The multiphase pumps proved to be problematic and a pump failure would result in the backpressure on the wells increasing the tubing head pressure (THP). The PCPs in the wells would then have to pump against this much higher back pressure. The flowline from the casing was tied into the production flowline in order to allow gas to flow up the annulus rather than pump it through the pump. When the THP increased due to the multiphase pump shutdowns the gas from the casing flowline would not be able to enter the production flowline until the casing head pressure (CHP) had increased sufficiently to match the flowline pressure.
Analysis of the operating data showed that when the CHP increased to match the flow line pressure the fluid level in the well was being pushed down until a pump off situation was created, resulting in high gas volumes in the pump, insufficient cooling and damage to the elastomer.

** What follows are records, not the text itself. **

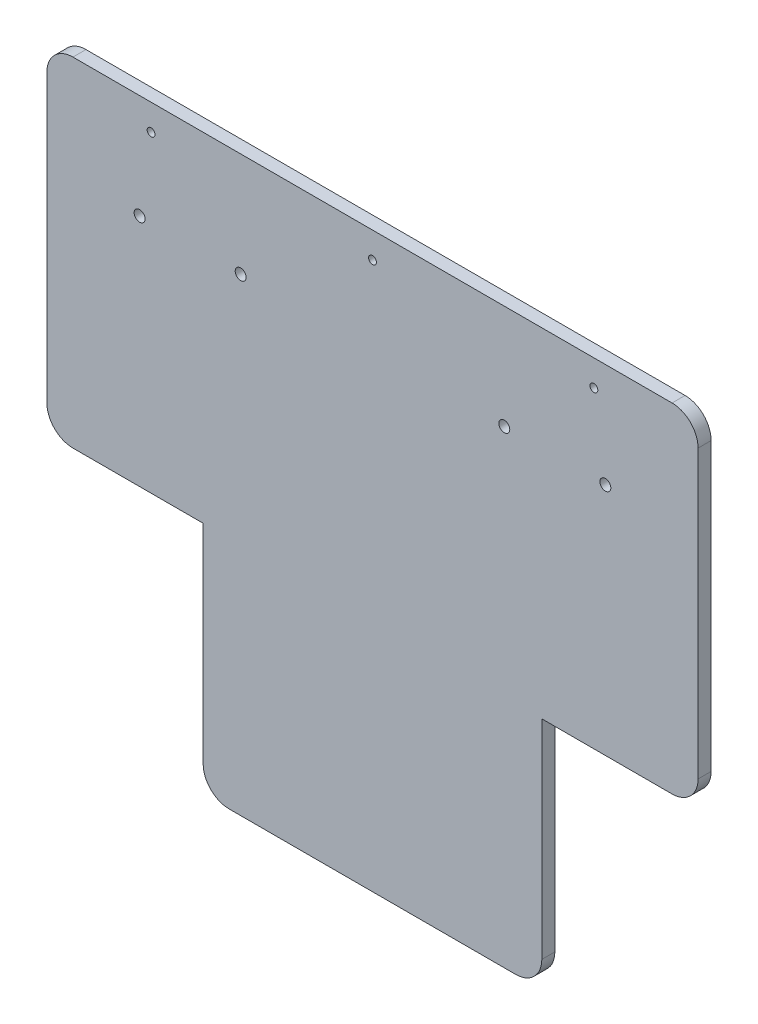
ISO-10303-21;
HEADER;
FILE_DESCRIPTION(('STEP AP214'),'2;1');
FILE_NAME('part.step','',(''),(''),'','','');
FILE_SCHEMA(('AUTOMOTIVE_DESIGN { 1 0 10303 214 1 1 1 1 }'));
ENDSEC;
DATA;
#1=APPLICATION_CONTEXT('core data for automotive mechanical design processes');
#2=APPLICATION_PROTOCOL_DEFINITION('international standard','automotive_design',2000,#1);
#3=PRODUCT_CONTEXT('',#1,'mechanical');
#4=PRODUCT('Part','Part','',(#3));
#5=PRODUCT_RELATED_PRODUCT_CATEGORY('part','',(#4));
#6=PRODUCT_DEFINITION_FORMATION('','',#4);
#7=PRODUCT_DEFINITION_CONTEXT('part definition',#1,'design');
#8=PRODUCT_DEFINITION('design','',#6,#7);
#9=PRODUCT_DEFINITION_SHAPE('','',#8);
#10=(LENGTH_UNIT() NAMED_UNIT(*) SI_UNIT(.MILLI.,.METRE.));
#11=(NAMED_UNIT(*) PLANE_ANGLE_UNIT() SI_UNIT($,.RADIAN.));
#12=(NAMED_UNIT(*) SI_UNIT($,.STERADIAN.) SOLID_ANGLE_UNIT());
#13=UNCERTAINTY_MEASURE_WITH_UNIT(LENGTH_MEASURE(1.E-05),#10,'distance_accuracy_value','');
#14=(GEOMETRIC_REPRESENTATION_CONTEXT(3) GLOBAL_UNCERTAINTY_ASSIGNED_CONTEXT((#13)) GLOBAL_UNIT_ASSIGNED_CONTEXT((#10,
#11,#12)) REPRESENTATION_CONTEXT('',''));
#15=CARTESIAN_POINT('',(0.,0.,0.));
#16=DIRECTION('',(0.,0.,1.));
#17=DIRECTION('',(1.,0.,0.));
#18=AXIS2_PLACEMENT_3D('',#15,#16,#17);
#19=CARTESIAN_POINT('',(10.0000000000001,-220.,5.));
#20=DIRECTION('',(0.,1.,0.));
#21=DIRECTION('',(0.,0.,1.));
#22=AXIS2_PLACEMENT_3D('',#19,#20,#21);
#23=PLANE('',#22);
#24=DIRECTION('',(0.,0.,1.));
#25=VECTOR('',#24,1.);
#26=CARTESIAN_POINT('',(70.0000000000002,-220.,-0.00100000000000013));
#27=LINE('',#26,#25);
#28=CARTESIAN_POINT('',(70.0000000000002,-220.,0.));
#29=VERTEX_POINT('',#28);
#30=CARTESIAN_POINT('',(70.0000000000002,-220.,5.));
#31=VERTEX_POINT('',#30);
#32=EDGE_CURVE('E153',#29,#31,#27,.T.);
#33=ORIENTED_EDGE('',*,*,#32,.F.);
#34=DIRECTION('',(1.,0.,0.));
#35=VECTOR('',#34,1.);
#36=CARTESIAN_POINT('',(10.0000000000001,-220.,0.));
#37=LINE('',#36,#35);
#38=CARTESIAN_POINT('',(180.,-220.,0.));
#39=VERTEX_POINT('',#38);
#40=EDGE_CURVE('E190',#29,#39,#37,.T.);
#41=ORIENTED_EDGE('',*,*,#40,.T.);
#42=DIRECTION('',(0.,0.,1.));
#43=VECTOR('',#42,1.);
#44=CARTESIAN_POINT('',(180.,-220.,-0.00100000000000013));
#45=LINE('',#44,#43);
#46=CARTESIAN_POINT('',(180.,-220.,5.));
#47=VERTEX_POINT('',#46);
#48=EDGE_CURVE('E282',#39,#47,#45,.T.);
#49=ORIENTED_EDGE('',*,*,#48,.T.);
#50=DIRECTION('',(1.,0.,0.));
#51=VECTOR('',#50,1.);
#52=CARTESIAN_POINT('',(10.0000000000001,-220.,5.));
#53=LINE('',#52,#51);
#54=EDGE_CURVE('E159',#31,#47,#53,.T.);
#55=ORIENTED_EDGE('',*,*,#54,.F.);
#56=EDGE_LOOP('',(#33,#41,#49,#55));
#57=FACE_BOUND('',#56,.T.);
#58=ADVANCED_FACE('F37',(#57),#23,.F.);
#59=CARTESIAN_POINT('',(250.,-10.,5.));
#60=DIRECTION('',(-1.,0.,0.));
#61=DIRECTION('',(0.,-1.,0.));
#62=AXIS2_PLACEMENT_3D('',#59,#60,#61);
#63=PLANE('',#62);
#64=DIRECTION('',(0.,0.,1.));
#65=VECTOR('',#64,1.);
#66=CARTESIAN_POINT('',(250.,-120.,-0.00100000000000013));
#67=LINE('',#66,#65);
#68=CARTESIAN_POINT('',(250.,-120.,0.));
#69=VERTEX_POINT('',#68);
#70=CARTESIAN_POINT('',(250.,-120.,5.));
#71=VERTEX_POINT('',#70);
#72=EDGE_CURVE('E270',#69,#71,#67,.T.);
#73=ORIENTED_EDGE('',*,*,#72,.F.);
#74=DIRECTION('',(0.,1.,0.));
#75=VECTOR('',#74,1.);
#76=CARTESIAN_POINT('',(250.,-10.,0.));
#77=LINE('',#76,#75);
#78=CARTESIAN_POINT('',(250.,-10.,0.));
#79=VERTEX_POINT('',#78);
#80=EDGE_CURVE('E186',#69,#79,#77,.T.);
#81=ORIENTED_EDGE('',*,*,#80,.T.);
#82=DIRECTION('',(0.,0.,-1.));
#83=VECTOR('',#82,1.);
#84=CARTESIAN_POINT('',(250.,-10.,5.));
#85=LINE('',#84,#83);
#86=CARTESIAN_POINT('',(250.,-10.,5.));
#87=VERTEX_POINT('',#86);
#88=EDGE_CURVE('E11',#87,#79,#85,.T.);
#89=ORIENTED_EDGE('',*,*,#88,.F.);
#90=DIRECTION('',(0.,1.,0.));
#91=VECTOR('',#90,1.);
#92=CARTESIAN_POINT('',(250.,-10.,5.));
#93=LINE('',#92,#91);
#94=EDGE_CURVE('E163',#71,#87,#93,.T.);
#95=ORIENTED_EDGE('',*,*,#94,.F.);
#96=EDGE_LOOP('',(#73,#81,#89,#95));
#97=FACE_BOUND('',#96,.T.);
#98=ADVANCED_FACE('F327',(#97),#63,.F.);
#99=CARTESIAN_POINT('',(10.,-210.,5.));
#100=DIRECTION('',(0.,0.,1.));
#101=DIRECTION('',(1.,0.,0.));
#102=AXIS2_PLACEMENT_3D('',#99,#100,#101);
#103=PLANE('',#102);
#104=CARTESIAN_POINT('',(35.6,-40.,5.));
#105=DIRECTION('',(0.,0.,1.));
#106=DIRECTION('',(1.,0.,0.));
#107=AXIS2_PLACEMENT_3D('',#104,#105,#106);
#108=CIRCLE('',#107,2.1);
#109=CARTESIAN_POINT('',(37.7,-40.,5.));
#110=VERTEX_POINT('',#109);
#111=EDGE_CURVE('E228',#110,#110,#108,.F.);
#112=ORIENTED_EDGE('',*,*,#111,.T.);
#113=EDGE_LOOP('',(#112));
#114=FACE_BOUND('',#113,.T.);
#115=CARTESIAN_POINT('',(214.4,-40.,5.));
#116=DIRECTION('',(0.,0.,1.));
#117=DIRECTION('',(1.,0.,0.));
#118=AXIS2_PLACEMENT_3D('',#115,#116,#117);
#119=CIRCLE('',#118,2.09999999999996);
#120=CARTESIAN_POINT('',(216.5,-40.,5.));
#121=VERTEX_POINT('',#120);
#122=EDGE_CURVE('E229',#121,#121,#119,.F.);
#123=ORIENTED_EDGE('',*,*,#122,.T.);
#124=EDGE_LOOP('',(#123));
#125=FACE_BOUND('',#124,.T.);
#126=CARTESIAN_POINT('',(175.6,-40.,5.));
#127=DIRECTION('',(0.,0.,1.));
#128=DIRECTION('',(1.,0.,0.));
#129=AXIS2_PLACEMENT_3D('',#126,#127,#128);
#130=CIRCLE('',#129,2.09999999999999);
#131=CARTESIAN_POINT('',(177.7,-40.,5.));
#132=VERTEX_POINT('',#131);
#133=EDGE_CURVE('E239',#132,#132,#130,.F.);
#134=ORIENTED_EDGE('',*,*,#133,.T.);
#135=EDGE_LOOP('',(#134));
#136=FACE_BOUND('',#135,.T.);
#137=CARTESIAN_POINT('',(74.4,-40.,5.));
#138=DIRECTION('',(0.,0.,1.));
#139=DIRECTION('',(1.,0.,0.));
#140=AXIS2_PLACEMENT_3D('',#137,#138,#139);
#141=CIRCLE('',#140,2.1);
#142=CARTESIAN_POINT('',(76.5,-40.,5.));
#143=VERTEX_POINT('',#142);
#144=EDGE_CURVE('E208',#143,#143,#141,.F.);
#145=ORIENTED_EDGE('',*,*,#144,.T.);
#146=EDGE_LOOP('',(#145));
#147=FACE_BOUND('',#146,.T.);
#148=CARTESIAN_POINT('',(40.,-10.,5.));
#149=DIRECTION('',(0.,0.,1.));
#150=DIRECTION('',(1.,0.,0.));
#151=AXIS2_PLACEMENT_3D('',#148,#149,#150);
#152=CIRCLE('',#151,1.5);
#153=CARTESIAN_POINT('',(41.5,-10.,5.));
#154=VERTEX_POINT('',#153);
#155=EDGE_CURVE('E212',#154,#154,#152,.T.);
#156=ORIENTED_EDGE('',*,*,#155,.F.);
#157=EDGE_LOOP('',(#156));
#158=FACE_BOUND('',#157,.T.);
#159=CARTESIAN_POINT('',(125.,-10.,5.));
#160=DIRECTION('',(0.,0.,1.));
#161=DIRECTION('',(1.,0.,0.));
#162=AXIS2_PLACEMENT_3D('',#159,#160,#161);
#163=CIRCLE('',#162,1.5);
#164=CARTESIAN_POINT('',(126.5,-10.,5.));
#165=VERTEX_POINT('',#164);
#166=EDGE_CURVE('E209',#165,#165,#163,.T.);
#167=ORIENTED_EDGE('',*,*,#166,.F.);
#168=EDGE_LOOP('',(#167));
#169=FACE_BOUND('',#168,.T.);
#170=CARTESIAN_POINT('',(210.,-10.,5.));
#171=DIRECTION('',(0.,0.,1.));
#172=DIRECTION('',(1.,0.,0.));
#173=AXIS2_PLACEMENT_3D('',#170,#171,#172);
#174=CIRCLE('',#173,1.5);
#175=CARTESIAN_POINT('',(211.5,-10.,5.));
#176=VERTEX_POINT('',#175);
#177=EDGE_CURVE('E201',#176,#176,#174,.T.);
#178=ORIENTED_EDGE('',*,*,#177,.F.);
#179=EDGE_LOOP('',(#178));
#180=FACE_BOUND('',#179,.T.);
#181=DIRECTION('',(0.,-1.,0.));
#182=VECTOR('',#181,1.);
#183=CARTESIAN_POINT('',(0.,-10.0000000000001,5.));
#184=LINE('',#183,#182);
#185=CARTESIAN_POINT('',(0.,-10.0000000000001,5.));
#186=VERTEX_POINT('',#185);
#187=CARTESIAN_POINT('',(0.,-120.,5.));
#188=VERTEX_POINT('',#187);
#189=EDGE_CURVE('E171',#186,#188,#184,.T.);
#190=ORIENTED_EDGE('',*,*,#189,.T.);
#191=CARTESIAN_POINT('',(10.0000000000001,-120.,5.));
#192=DIRECTION('',(0.,0.,1.));
#193=DIRECTION('',(1.,0.,0.));
#194=AXIS2_PLACEMENT_3D('',#191,#192,#193);
#195=CIRCLE('',#194,10.);
#196=CARTESIAN_POINT('',(10.0000000000001,-130.,5.));
#197=VERTEX_POINT('',#196);
#198=EDGE_CURVE('E138',#188,#197,#195,.T.);
#199=ORIENTED_EDGE('',*,*,#198,.T.);
#200=DIRECTION('',(-1.,0.,0.));
#201=VECTOR('',#200,1.);
#202=CARTESIAN_POINT('',(0.,-130.,5.));
#203=LINE('',#202,#201);
#204=CARTESIAN_POINT('',(60.0000000000001,-130.,5.));
#205=VERTEX_POINT('',#204);
#206=EDGE_CURVE('E248',#205,#197,#203,.T.);
#207=ORIENTED_EDGE('',*,*,#206,.F.);
#208=DIRECTION('',(0.,1.,0.));
#209=VECTOR('',#208,1.);
#210=CARTESIAN_POINT('',(60.0000000000001,-130.,5.));
#211=LINE('',#210,#209);
#212=CARTESIAN_POINT('',(60.0000000000001,-210.,5.));
#213=VERTEX_POINT('',#212);
#214=EDGE_CURVE('E251',#213,#205,#211,.T.);
#215=ORIENTED_EDGE('',*,*,#214,.F.);
#216=CARTESIAN_POINT('',(70.0000000000001,-210.,5.));
#217=DIRECTION('',(0.,0.,1.));
#218=DIRECTION('',(1.,0.,0.));
#219=AXIS2_PLACEMENT_3D('',#216,#217,#218);
#220=CIRCLE('',#219,10.);
#221=EDGE_CURVE('E59',#213,#31,#220,.T.);
#222=ORIENTED_EDGE('',*,*,#221,.T.);
#223=ORIENTED_EDGE('',*,*,#54,.T.);
#224=CARTESIAN_POINT('',(180.,-210.,5.));
#225=DIRECTION('',(0.,0.,1.));
#226=DIRECTION('',(1.,0.,0.));
#227=AXIS2_PLACEMENT_3D('',#224,#225,#226);
#228=CIRCLE('',#227,10.);
#229=CARTESIAN_POINT('',(190.,-210.,5.));
#230=VERTEX_POINT('',#229);
#231=EDGE_CURVE('E273',#230,#47,#228,.F.);
#232=ORIENTED_EDGE('',*,*,#231,.F.);
#233=DIRECTION('',(0.,-1.,0.));
#234=VECTOR('',#233,1.);
#235=CARTESIAN_POINT('',(190.,-130.,5.));
#236=LINE('',#235,#234);
#237=CARTESIAN_POINT('',(190.,-130.,5.));
#238=VERTEX_POINT('',#237);
#239=EDGE_CURVE('E261',#238,#230,#236,.T.);
#240=ORIENTED_EDGE('',*,*,#239,.F.);
#241=DIRECTION('',(-1.,0.,0.));
#242=VECTOR('',#241,1.);
#243=CARTESIAN_POINT('',(250.,-130.,5.));
#244=LINE('',#243,#242);
#245=CARTESIAN_POINT('',(240.,-130.,5.));
#246=VERTEX_POINT('',#245);
#247=EDGE_CURVE('E264',#246,#238,#244,.T.);
#248=ORIENTED_EDGE('',*,*,#247,.F.);
#249=CARTESIAN_POINT('',(240.,-120.,5.));
#250=DIRECTION('',(0.,0.,1.));
#251=DIRECTION('',(1.,0.,0.));
#252=AXIS2_PLACEMENT_3D('',#249,#250,#251);
#253=CIRCLE('',#252,10.);
#254=EDGE_CURVE('E271',#246,#71,#253,.T.);
#255=ORIENTED_EDGE('',*,*,#254,.T.);
#256=ORIENTED_EDGE('',*,*,#94,.T.);
#257=CARTESIAN_POINT('',(240.,-10.,5.));
#258=DIRECTION('',(0.,0.,1.));
#259=DIRECTION('',(-1.,0.,0.));
#260=AXIS2_PLACEMENT_3D('',#257,#258,#259);
#261=CIRCLE('',#260,10.);
#262=CARTESIAN_POINT('',(240.,0.,5.));
#263=VERTEX_POINT('',#262);
#264=EDGE_CURVE('E198',#87,#263,#261,.T.);
#265=ORIENTED_EDGE('',*,*,#264,.T.);
#266=DIRECTION('',(-1.,0.,0.));
#267=VECTOR('',#266,1.);
#268=CARTESIAN_POINT('',(10.0000000000001,0.,5.));
#269=LINE('',#268,#267);
#270=CARTESIAN_POINT('',(10.0000000000001,0.,5.));
#271=VERTEX_POINT('',#270);
#272=EDGE_CURVE('E180',#263,#271,#269,.T.);
#273=ORIENTED_EDGE('',*,*,#272,.T.);
#274=CARTESIAN_POINT('',(10.,-10.,5.));
#275=DIRECTION('',(0.,0.,1.));
#276=DIRECTION('',(1.,0.,0.));
#277=AXIS2_PLACEMENT_3D('',#274,#275,#276);
#278=CIRCLE('',#277,10.);
#279=EDGE_CURVE('E195',#271,#186,#278,.T.);
#280=ORIENTED_EDGE('',*,*,#279,.T.);
#281=EDGE_LOOP('',(#190,#199,#207,#215,#222,#223,#232,#240,#248,#255,#256,#265,#273,#280));
#282=FACE_BOUND('',#281,.T.);
#283=ADVANCED_FACE('F297',(#114,#125,#136,#147,#158,#169,#180,#282),#103,.T.);
#284=CARTESIAN_POINT('',(10.,-210.,0.));
#285=DIRECTION('',(0.,0.,1.));
#286=DIRECTION('',(1.,0.,0.));
#287=AXIS2_PLACEMENT_3D('',#284,#285,#286);
#288=PLANE('',#287);
#289=CARTESIAN_POINT('',(210.,-10.,0.));
#290=DIRECTION('',(0.,0.,1.));
#291=DIRECTION('',(1.,0.,0.));
#292=AXIS2_PLACEMENT_3D('',#289,#290,#291);
#293=CIRCLE('',#292,1.5);
#294=CARTESIAN_POINT('',(211.5,-10.,0.));
#295=VERTEX_POINT('',#294);
#296=EDGE_CURVE('E205',#295,#295,#293,.F.);
#297=ORIENTED_EDGE('',*,*,#296,.F.);
#298=EDGE_LOOP('',(#297));
#299=FACE_BOUND('',#298,.T.);
#300=CARTESIAN_POINT('',(125.,-10.,0.));
#301=DIRECTION('',(0.,0.,1.));
#302=DIRECTION('',(1.,0.,0.));
#303=AXIS2_PLACEMENT_3D('',#300,#301,#302);
#304=CIRCLE('',#303,1.5);
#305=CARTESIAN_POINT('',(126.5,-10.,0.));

Simultaneously the increased operating pressures were resulting in the PCPs being subjected to a pressure in excess of maximum recommended operating pressure. The high pressures across the pump and pump off conditions were causing the elastomers in the pump to harden resulting in failure of the PCP a few days after a multiphase pump failure.
The operator was advised to protect the PCPs from pump off using a high CHP alarm and trip, to use PCPs with a higher pressure rating and to use a high THP alarm.
Result: PCP failures prevented and runlife improved to in excess of 2 years.
Production on Gaslift Well Increased by 500 BOPD
A gaslift well was analysed using a well test in conjunction with a flowing gradient survey. The analysis showed that injection at the orifice was not possible with the reported gaslift injection pressure.
By increasing the injection pressure to 650 psi, injection at the orifice was achieved and the production increased from 850 bfpd to 1350 bfpd.
Result: Increased production by 500 bpd.